自分が死んでしまっているのに、それを気にしない。
──わたしの、とても、大事な……
「ジュン様、起きてください」
微睡む私を起こすフランの声。少し狭い、乗合馬車の中だ。
思い出した。ウェズデクラウスへ向かう最中だ。表を見るともうそろそろ日が暮れる。
乗合馬車には、他に乗客がいた。三十位の男性、その妻と思しき女性。後は六十近くの老人とその孫娘らしき子供(とはいえ私よりは年上だと思う。あえてどこを見たかは言わない)
乗合馬車は二頭立ての大きなもので、だいたい定員は十名~十二名。
今回は半分の人数だが、だいたい四人以下の時は動かさない。どんな理由があってもだ。どうしても馬車で移動したければ一台まるごと借りるしかない。
逆に定員になったら次の乗合馬車を待つしかなくなる。定時便という考えはないのでこういう方式になる訳だ。
ウェズデクラウスまでは乗合馬車で二日の行程だ。旅慣れた人の行軍速度だとそこまではたぶん三日と少し。
実は馬車とはそんなに早くはないのである。
それでも高い金額を払って乗る理由、それは疲労が少ないの一点に尽きる。
近くの森を歩きなれている私だって、一日中歩くことはなかった。さらに今回はフランもいる。筋力や体力は、なるほど私よりもあるかもしれない。でも実際どれだけ歩けるかはやってみないと分からない。

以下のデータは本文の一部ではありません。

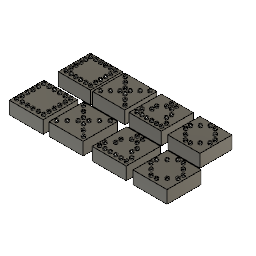
BrailleResearchShapes (Autodesk Fusion 360 design; units mm, degrees)
Autodesk Fusion 360 part; units mm, degrees
(part 1 of 2)
sketch "Sketch1" plane through (0, 0, 0) normal (0, 0, 1) x (1, 0, 0)
  circle A0 centre (3.4, 9.3) radius 0.75
  circle A1 centre (5.7, 9.2955) radius 0.75
  circle A2 centre (3.4, 7) radius 0.75
  circle A3 centre (5.7, 7) radius 0.75
  circle A4 centre (3.4, 4.7) radius 0.75
  circle A5 centre (5.7, 4.7) radius 0.75
  circle A6 centre (8, 9.3) radius 0.75
  circle A7 centre (10.3, 9.2955) radius 0.75
  circle A8 centre (10.3, 7) radius 0.75
  circle A9 centre (8, 7) radius 0.75
  circle A10 centre (10.3, 4.7) radius 0.75
  circle A11 centre (8, 4.7) radius 0.75
  circle A12 centre (12.6, 9.3) radius 0.75
  circle A13 centre (14.9, 7) radius 0.75
  circle A14 centre (14.9, 9.2955) radius 0.75
  circle A15 centre (12.6, 7) radius 0.75
  circle A16 centre (12.6, 4.7) radius 0.75
  circle A17 centre (14.9, 4.7) radius 0.75
  circle A18 centre (3.4, 2.4) radius 0.75
  circle A19 centre (5.7, 2.3955) radius 0.75
  circle A20 centre (5.7, 0.1) radius 0.75
  circle A21 centre (8, 0) radius 0.75
  circle A22 centre (8, 2.3) radius 0.75
  circle A23 centre (3.4, 0.1) radius 0.75
  circle A24 centre (10.3, 2.2955) radius 0.75
  circle A25 centre (5.7, -2.2) radius 0.75
  circle A26 centre (12.6, 2.3) radius 0.75
  circle A27 centre (12.6, 0) radius 0.75
  circle A28 centre (10.3, -2.3) radius 0.75
  circle A29 centre (10.3, 0) radius 0.75
  circle A30 centre (3.4, -2.2) radius 0.75
  circle A31 centre (8, -2.3) radius 0.75
  circle A32 centre (14.9, 0) radius 0.75
  circle A33 centre (12.6, -2.3) radius 0.75
  circle A34 centre (14.9, -2.3) radius 0.75
  circle A35 centre (14.9, 2.2955) radius 0.75
  line L0 (1.5, 11) -> (16.5, 11)
  line L1 (16.5, 11) -> (16.5, -4)
  line L2 (16.5, -4) -> (1.5, -4)
  line L3 (1.5, -4) -> (1.5, 11)
  line L4 (17.5, 11) -> (32.5, 11)
  circle A36 centre (28.6, 9.3) radius 0.75
  circle A37 centre (26.3, 9.2955) radius 0.75
  circle A38 centre (24, 7) radius 0.75
  circle A39 centre (21.7, 9.2955) radius 0.75
  circle A40 centre (19.4, 9.3) radius 0.75
  circle A41 centre (19.4, 7) radius 0.75
  circle A42 centre (21.7, 7) radius 0.75
  circle A43 centre (28.6, 7) radius 0.75
  circle A44 centre (30.9, 7) radius 0.75
  line L5 (32.5, 11) -> (32.5, -4)
  circle A45 centre (30.9, 2.2955) radius 0.75
  circle A46 centre (30.9, 0) radius 0.75
  circle A47 centre (30.9, -2.3) radius 0.75
  line L6 (32.5, -4) -> (17.5, -4)
  line L7 (17.5, -4) -> (17.5, 11)
  circle A48 centre (19.4, 2.4) radius 0.75
  circle A49 centre (21.7, 2.3955) radius 0.75
  circle A50 centre (19.4, 4.7) radius 0.75
  circle A51 centre (24, 9.3) radius 0.75
  circle A52 centre (21.7, 4.7) radius 0.75
  circle A53 centre (24, 4.7) radius 0.75
  circle A54 centre (24, 2.3) radius 0.75
  circle A55 centre (26.3, 7) radius 0.75
  circle A56 centre (30.9, 9.2955) radius 0.75
  circle A57 centre (28.6, 4.7) radius 0.75
  circle A58 centre (26.3, 4.7) radius 0.75
  circle A59 centre (26.3, 2.2955) radius 0.75
  circle A60 centre (30.9, 4.7) radius 0.75
  circle A61 centre (28.6, 2.3) radius 0.75
  circle A62 centre (28.6, 0) radius 0.75
  circle A63 centre (26.3, 0) radius 0.75
  circle A64 centre (26.3, -2.3) radius 0.75
  circle A65 centre (28.6, -2.3) radius 0.75
  circle A66 centre (21.7, 0.1) radius 0.75
  circle A67 centre (24, 0) radius 0.75
  circle A68 centre (24, -2.3) radius 0.75
  circle A69 centre (21.7, -2.2) radius 0.75
  circle A70 centre (19.4, 0.1) radius 0.75
  circle A71 centre (19.4, -2.2) radius 0.75
  line L8 (34.5, 11) -> (49.5, 11)
  line L9 (49.5, 11) -> (49.5, -4)
  circle A72 centre (47.9, 9.2955) radius 0.75
  circle A73 centre (45.6, 9.3) radius 0.75
  circle A74 centre (45.6, 7) radius 0.75
  circle A75 centre (45.6, 4.7) radius 0.75
  circle A76 centre (45.6, 2.3) radius 0.75
  circle A77 centre (45.6, 0) radius 0.75
  circle A78 centre (45.6, -2.3) radius 0.75
  line L10 (49.5, -4) -> (34.5, -4)
  circle A79 centre (41, -2.3) radius 0.75
  circle A80 centre (38.7, -2.2) radius 0.75
  circle A81 centre (36.4, -2.2) radius 0.75
  line L11 (34.5, -4) -> (34.5, 11)
  circle A82 centre (36.4, 0.1) radius 0.75
  circle A83 centre (38.7, 2.3955) radius 0.75
  circle A84 centre (36.4, 2.4) radius 0.75
  circle A85 centre (36.4, 4.7) radius 0.75
  circle A86 centre (36.4, 7) radius 0.75
  circle A87 centre (36.4, 9.3) radius 0.75
  circle A88 centre (38.7, 9.2955) radius 0.75
  circle A89 centre (41, 9.3) radius 0.75
  circle A90 centre (43.3, 9.2955) radius 0.75
  circle A91 centre (43.3, 7) radius 0.75
  circle A92 centre (41, 7) radius 0.75
  circle A93 centre (41, 4.7) radius 0.75
  circle A94 centre (38.7, 7) radius 0.75
  circle A95 centre (38.7, 4.7) radius 0.75
  circle A96 centre (43.3, 4.7) radius 0.75
  circle A97 centre (47.9, 7) radius 0.75
  circle A98 centre (47.9, 4.7) radius 0.75
  circle A99 centre (47.9, 2.2955) radius 0.75
  circle A100 centre (47.9, 0) radius 0.75
  circle A101 centre (47.9, -2.3) radius 0.75
  circle A102 centre (43.3, -2.3) radius 0.75
  circle A103 centre (43.3, 0) radius 0.75
  circle A104 centre (43.3, 2.2955) radius 0.75
  circle A105 centre (41, 0) radius 0.75
  circle A106 centre (41, 2.3) radius 0.75
  circle A107 centre (38.7, 0.1) radius 0.75
  circle A108 centre (3.2346, -12.4941) radius 0.75
  circle A109 centre (5.7346, -12.4941) radius 0.75
  circle A110 centre (5.7346, -14.9941) radius 0.75
  circle A111 centre (3.2346, -14.9941) radius 0.75
  circle A112 centre (3.2346, -17.4941) radius 0.75
  circle A113 centre (5.7346, -17.4941) radius 0.75
  circle A114 centre (8.2346, -12.4941) radius 0.75
  circle A115 centre (10.7346, -14.9941) radius 0.75
  circle A116 centre (10.7346, -17.4941) radius 0.75
  circle A117 centre (8.2346, -17.4941) radius 0.75
  circle A118 centre (8.2346, -14.9941) radius 0.75
  circle A119 centre (10.7346, -12.4941) radius 0.75
  circle A120 centre (13.2346, -12.4941) radius 0.75
  circle A121 centre (13.2346, -14.9941) radius 0.75
  circle A122 centre (13.2346, -17.4941) radius 0.75
  circle A123 centre (15.7346, -17.4941) radius 0.75
  circle A124 centre (15.7346, -14.9941) radius 0.75
  circle A125 centre (15.7346, -12.4941) radius 0.75
  circle A126 centre (3.2346, -19.9941) radius 0.75
  circle A127 centre (5.7346, -19.9941) radius 0.75
  circle A128 centre (8.2346, -22.4941) radius 0.75
  circle A129 centre (5.7346, -24.9941) radius 0.75
  circle A130 centre (5.7346, -22.4941) radius 0.75
  circle A131 centre (8.2346, -19.9941) radius 0.75
  circle A132 centre (3.2346, -22.4941) radius 0.75
  circle A133 centre (3.2346, -24.9941) radius 0.75
  circle A134 centre (10.7346, -19.9941) radius 0.75
  circle A135 centre (10.7346, -22.4941) radius 0.75
  circle A136 centre (8.2346, -24.9941) radius 0.75
  circle A137 centre (10.7346, -24.9941) radius 0.75
  circle A138 centre (13.2346, -19.9941) radius 0.75
  circle A139 centre (15.7346, -19.9941) radius 0.75
  circle A140 centre (13.2346, -22.4941) radius 0.75
  circle A141 centre (13.2346, -24.9941) radius 0.75
  circle A142 centre (15.7346, -22.4941) radius 0.75
  circle A143 centre (15.7346, -24.9941) radius 0.75
  line L12 (17.4146, -10.7288) -> (17.4146, -26.9182)
  line L13 (1.5963, -10.7288) -> (17.4146, -10.7288)
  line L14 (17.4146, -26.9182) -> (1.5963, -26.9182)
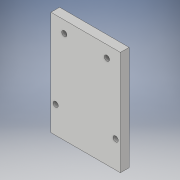
# Autodesk Inventor part: RFID Card Reader
Saved by Autodesk Inventor 2018 (Build 220112000, 112)
## iProperties
Created: 2019-09-18
Part Number: RFID Card Reader
Material: Generic
Document SubType Name: Modeling
Designer: Jacob
Density: 1 g/cm^3
Appearance: Default
Author: Jacob
Autodesk Inventor part; units mm, degrees
ref_plane "YZ Plane" through (0, 0, 0) normal (1, 0, 0) x (0, 1, 0)
ref_plane "XZ Plane" through (0, 0, 0) normal (0, 1, 0) x (-1, 0, 0)
ref_plane "XY Plane" through (0, 0, 0) normal (0, 0, 1) x (1, 0, 0)
sketch "Sketch1" plane through (0, 0, 0) normal (0, 0, 1) x (1, 0, 0)
  line L0 (-20, 30) -> (20, 30)
  line L1 (20, 30) -> (20, -30)
  line L2 (20, -30) -> (-20, -30)
  line L3 (-20, -30) -> (-20, 30)
  line L4 (-20, 30) -> (20, -30) construction
  line L5 (20, 30) -> (-20, -30) construction
  point P0 (0, 0)
  dimension "d0" = 40
  dimension "d1" = 60
  constraints: 12 end point, 2 midpoint, 2 parallel, 1 horizontal, 1 perpendicular
  measures "d0" distance of L0.start L0.end
  measures "d1" distance of L0.end L1.end
extrude "Extrusion1" add sketch "Sketch1" along normal blind 5
sketch "Sketch2" plane through (0, 0, 5) normal (0, 0, 1) x (1, 0, 0)
  line L0 (-20.0119, -14.5) -> (20, -14.5) construction
  line L1 (20, -30) -> (20, 30) projected
  line L2 (-20, -30) -> (20, -30) projected
  circle A0 centre (17.25, -14.5) radius 1.5
  circle A1 centre (-17.25, -14.5) radius 1.5
  line L3 (-20, 30) -> (-20, -30) projected
  line L4 (-20, 23.25) -> (20, 23.25) construction
  line L5 (20, 30) -> (-20, 30) projected
  circle A2 centre (12.25, 23.25) radius 1.5
  circle A3 centre (-12.25, 23.25) radius 1.5
  line L6 (0, 30) -> (0, -30) construction
  point P0 (0, 0)
  dimension "d4" = 15.5
  dimension "d5" = 3
  dimension "d6" = 3
  dimension "d9" = 6.75
  dimension "d12" = 3
  dimension "d13" = 3
  dimension "d16" = 34.5
  dimension "d17" = 17.25
  dimension "d18" = 17.25
  dimension "d19" = 24.5
  dimension "d20" = 12.25
  dimension "d21" = 12.25
  constraints: 7 point on line, 6 end point, 4 centre point, 2 horizontal, 2 midpoint
  measures "d4" distance between parallel lines of L2 L0
  measures "d5" diameter of A1
  measures "d6" diameter of A0
  measures "d9" distance between parallel lines of L5 L4
  measures "d12" diameter of A3
  measures "d13" diameter of A2
  measures "d16" distance of A0.centre A1.centre
  measures "d17" distance from line of L6 A0.centre
  measures "d18" distance from line of L6 A1.centre
  measures "d19" distance of A2.centre A3.centre
  measures "d20" distance from line of L6 A3.centre
  measures "d21" distance from line of L6 A2.centre
extrude "Extrusion2" cut sketch "Sketch2" against normal blind 25.4 contours A0 | A1 | A2 | A3
equation "\"d17\" = d18"
equation "\"d20\" = d21"
body "Solid1"
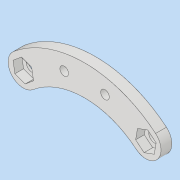
# Autodesk Inventor part: gearboxBearingHolderHexNutBacking
Saved by Autodesk Inventor 2017.3 (Build 213256000, 256)
## iProperties
Created: 2018-09-03
Part Number: gearboxBearingHolderHexNutBacking
Material: ABS Plastic
Document SubType Name: Modeling
Designer: Derek Wider
Density: 1.06 g/cm^3
Appearance: Smooth - White
Author: Derek Wider
Autodesk Inventor part; units mm, degrees
ref_plane "YZ Plane" through (0, 0, 0) normal (1, 0, 0) x (0, 1, 0)
ref_plane "XZ Plane" through (0, 0, 0) normal (0, 1, 0) x (-1, 0, 0)
ref_plane "XY Plane" through (0, 0, 0) normal (0, 0, 1) x (1, 0, 0)
sketch "Sketch1" plane through (0, 0, 0) normal (0, 0, 1) x (1, 0, 0)
  line L0 (-2.4569, -2.0454) -> (-2.9999, 1.105)
  line L1 (-2.9999, 1.105) -> (-0.543, 3.1505)
  line L2 (-0.543, 3.1505) -> (2.4569, 2.0454)
  line L3 (2.4569, 2.0454) -> (2.9999, -1.105)
  line L4 (2.9999, -1.105) -> (0.543, -3.1505)
  line L5 (0.543, -3.1505) -> (-2.4569, -2.0454)
  line L6 (38.9155, 1.105) -> (38.3725, -2.0454)
  line L7 (38.3725, -2.0454) -> (35.3726, -3.1505)
  line L8 (35.3726, -3.1505) -> (32.9157, -1.105)
  line L9 (32.9157, -1.105) -> (33.4587, 2.0454)
  line L10 (33.4587, 2.0454) -> (36.4586, 3.1505)
  line L11 (36.4586, 3.1505) -> (38.9155, 1.105)
  circle A0 centre (0, 0) radius 4.445
  circle A1 centre (35.9156, 0) radius 4.445
  arc A2 (38.7596, 3.4161) -> (-2.844, 3.4161) centre (17.9578, -21.5702) ccw
  arc A3 (33.0716, -3.4161) -> (2.844, -3.4161) centre (17.9578, -21.5702) ccw
  arc A4 (35.9156, 0) -> (0, 0) centre (17.9578, -21.5702) ccw construction
  line L12 (-1.7714, 2.1277) -> (-2.844, 3.4161) construction
  line L13 (37.687, 2.1277) -> (38.7596, 3.4161) construction
  circle A5 centre (11.9891, 5.8548) radius 1.27
  circle A6 centre (23.9265, 5.8548) radius 1.27
  dimension "d0" = 35.9156
  dimension "d1" = 5.5372
  dimension "d2" = 8.89
  dimension "d3" = 28.067
  dimension "d8" = 2.54
  dimension "d9" = 2.54
  dimension "d10" = 27.5
  dimension "d11" = 27.5
  constraints: 28 end point, 12 point on circle, 7 centre point, 5 coincident, 4 tangent, 2 line through centre, 2 midpoint, 2 perpendicular, 1 equal length, 1 equal radius, 1 horizontal alignment, 26 other
  measures "d0" distance of point (35.916, 0) point (0, 0)
  measures "d1" distance between parallel lines of L7 L10
  measures "d2" diameter of A0
  measures "d3" radius of A4
  measures "d8" diameter of A5
  measures "d9" diameter of A6
extrude "Extrusion1" add sketch "Sketch1" along normal blind 2.54
sketch "Sketch2" plane through (0, 0, 0) normal (0, 0, -1) x (-1, 0, 0)
  line L0 (0.543, 3.1505) -> (2.9999, 1.105) projected
  line L1 (2.9999, 1.105) -> (2.4569, -2.0454) projected
  line L2 (2.4569, -2.0454) -> (-0.543, -3.1505) projected
  line L3 (-0.543, -3.1505) -> (-2.9999, -1.105) projected
  line L4 (-2.9999, -1.105) -> (-2.4569, 2.0454) projected
  line L5 (-2.4569, 2.0454) -> (0.543, 3.1505) projected
  line L6 (-35.3726, -3.1505) -> (-38.3725, -2.0454) projected
  line L7 (-38.3725, -2.0454) -> (-38.9155, 1.105) projected
  line L8 (-38.9155, 1.105) -> (-36.4586, 3.1505) projected
  line L9 (-36.4586, 3.1505) -> (-33.4587, 2.0454) projected
  line L10 (-33.4587, 2.0454) -> (-32.9157, -1.105) projected
  line L11 (-32.9157, -1.105) -> (-35.3726, -3.1505) projected
  arc A0 (-38.7596, 3.4161) -> (-33.0716, -3.4161) centre (-35.9156, 0) ccw projected
  arc A1 (-2.844, -3.4161) -> (-33.0716, -3.4161) centre (-17.9578, -21.5702) ccw projected
  arc A2 (-2.844, -3.4161) -> (2.844, 3.4161) centre (0, 0) ccw projected
  arc A3 (2.844, 3.4161) -> (-38.7596, 3.4161) centre (-17.9578, -21.5702) ccw projected
  circle A4 centre (-23.9265, 5.8548) radius 1.27 projected
  circle A5 centre (-11.9891, 5.8548) radius 1.27 projected
  line L12 (0.543, 3.1505) -> (2.9999, 1.105) projected
  line L13 (2.9999, 1.105) -> (2.4569, -2.0454) projected
  line L14 (2.4569, -2.0454) -> (-0.543, -3.1505) projected
  line L15 (-0.543, -3.1505) -> (-2.9999, -1.105) projected
  line L16 (-2.9999, -1.105) -> (-2.4569, 2.0454) projected
  line L17 (-2.4569, 2.0454) -> (0.543, 3.1505) projected
  line L18 (-35.3726, -3.1505) -> (-38.3725, -2.0454) projected
  line L19 (-38.3725, -2.0454) -> (-38.9155, 1.105) projected
  line L20 (-38.9155, 1.105) -> (-36.4586, 3.1505) projected
  line L21 (-36.4586, 3.1505) -> (-33.4587, 2.0454) projected
  line L22 (-33.4587, 2.0454) -> (-32.9157, -1.105) projected
  line L23 (-32.9157, -1.105) -> (-35.3726, -3.1505) projected
  arc A6 (-38.7596, 3.4161) -> (-33.0716, -3.4161) centre (-35.9156, 0) ccw projected
  arc A7 (-2.844, -3.4161) -> (-33.0716, -3.4161) centre (-17.9578, -21.5702) ccw projected
  arc A8 (-2.844, -3.4161) -> (2.844, 3.4161) centre (0, 0) ccw projected
  arc A9 (2.844, 3.4161) -> (-38.7596, 3.4161) centre (-17.9578, -21.5702) ccw projected
  circle A10 centre (0, 0) radius 1.7145
  circle A11 centre (-35.9156, 0) radius 1.7145
  dimension "d12" = 3.429
  constraints: 2 centre point, 2 coincident, 1 equal radius
  measures "d12" diameter of A10
extrude "Extrusion2" add sketch "Sketch2" along normal blind 0.635 contours L0 L1 L2 L3 L4 L5 | L6 L7 L8 L9 L10 L11 | A3 A2 A1 A0
equation "\"d11\" = d10"
body "Solid1"
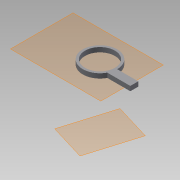
# Autodesk Inventor part: 15_Gabel
Saved by Autodesk Inventor 2015 (Build 190159000, 159)
## iProperties
Created: 2016-03-16
Part Number: 15_Gabel
Material: Generisch
Document SubType Name: Modeling
Designer: Bene
Density: 1 g/cm^3
Appearance: Vorgabe
Author: Bene
Autodesk Inventor part; units mm, degrees
ref_plane "YZ Plane" through (0, 0, 0) normal (1, 0, 0) x (0, 1, 0)
ref_plane "XZ Plane" through (0, 0, 0) normal (0, 1, 0) x (-1, 0, 0)
ref_plane "XY Plane" through (0, 0, 0) normal (0, 0, 1) x (1, 0, 0)
ref_plane "Arbeitsebene1" through (-1.9028, 0, 2) normal (0, 0, 1) x (-0.2882, -0.9576, 0)
sketch "Skizze1" plane through (-1.9028, 0, 2) normal (0, 0, 1) x (-0.2882, -0.9576, 0)
  circle A0 centre (-14.632, 0) radius 18.75
  circle A1 centre (-14.632, 0) radius 15
  circle A2 centre (-14.632, 0) radius 16.2815
  line L0 (26.7708, -9) -> (26.7708, -29)
  line L1 (19.0208, -9) -> (26.7708, -9)
  line L2 (26.7708, -29) -> (19.0208, -29)
  line L3 (27.1135, -8.6759) -> (1.6495, -8.6759)
  line L4 (1.6495, -8.6759) -> (1.6495, 0)
  line L5 (1.6495, 0) -> (27.1135, 0)
  line L6 (27.1135, 0) -> (27.1135, -8.6759)
  point P0 (-12.7292, 0)
  constraints: 14 end point, 2 centre point, 2 parallel, 1 horizontal, 1 horizontal alignment, 1 perpendicular, 2 other
extrude "Extrusion1" add sketch "Skizze1" along normal blind 5 contours L5 L4 L3 A0 | L5 L6 L3 A0 | A0 L3 L4 L5

監視網がどこまであるかはしらないが、とりあえず男爵領内で無茶な事はできない。
あの事件の実行犯が襲ってくるかもしれないのに、疲労を蓄積した状態で対処しなければいけない状況は避けたい。
そんなわけなのだ。
夜道を照らす強い光源を持たない乗合馬車は、日が落ちたらそこで野営をするのが決まりだ。御者も人の子で疲れるわけだし、馬はもっと疲れている。そして比較的スペースが空いてるとはいえ、同じ姿勢を続ける乗客もそれなりには疲れるものなのだ。
街道近くに少し開けた場所があり、野営の跡がそこかしこに見られる。どうも毎回この辺りで野営をするようで、ここはよく使う駐車場といったところか。手慣れた感じで馬車から馬を外し、近くの木に結び付ける。
私たちはひとまず体をほぐす。やっぱりずっと座りっぱなしだとお尻が痛い。
「あの、ジュン様。その、お花摘みの方はよろしいですか」
フランが少しモジモジしながら言ってきたので乗っかることにした。そうだろう、実は私もそうなのだから。
ここはちょっと割愛。どうでもいいところを詳らかにする必要はない。
ちなみにこの世界には紙がある。羊皮紙もあるが、木などを粉砕した植物パルプを使った意外にちゃんとした紙があるのだ。
これを発明したのは例の大賢者の弟子の一人、ティグレスト=シューベルタという。
師匠の作った粉砕器で細かくなった木片が水に浸けて固まる事を発見した彼は、なにかに使えないかと模索した。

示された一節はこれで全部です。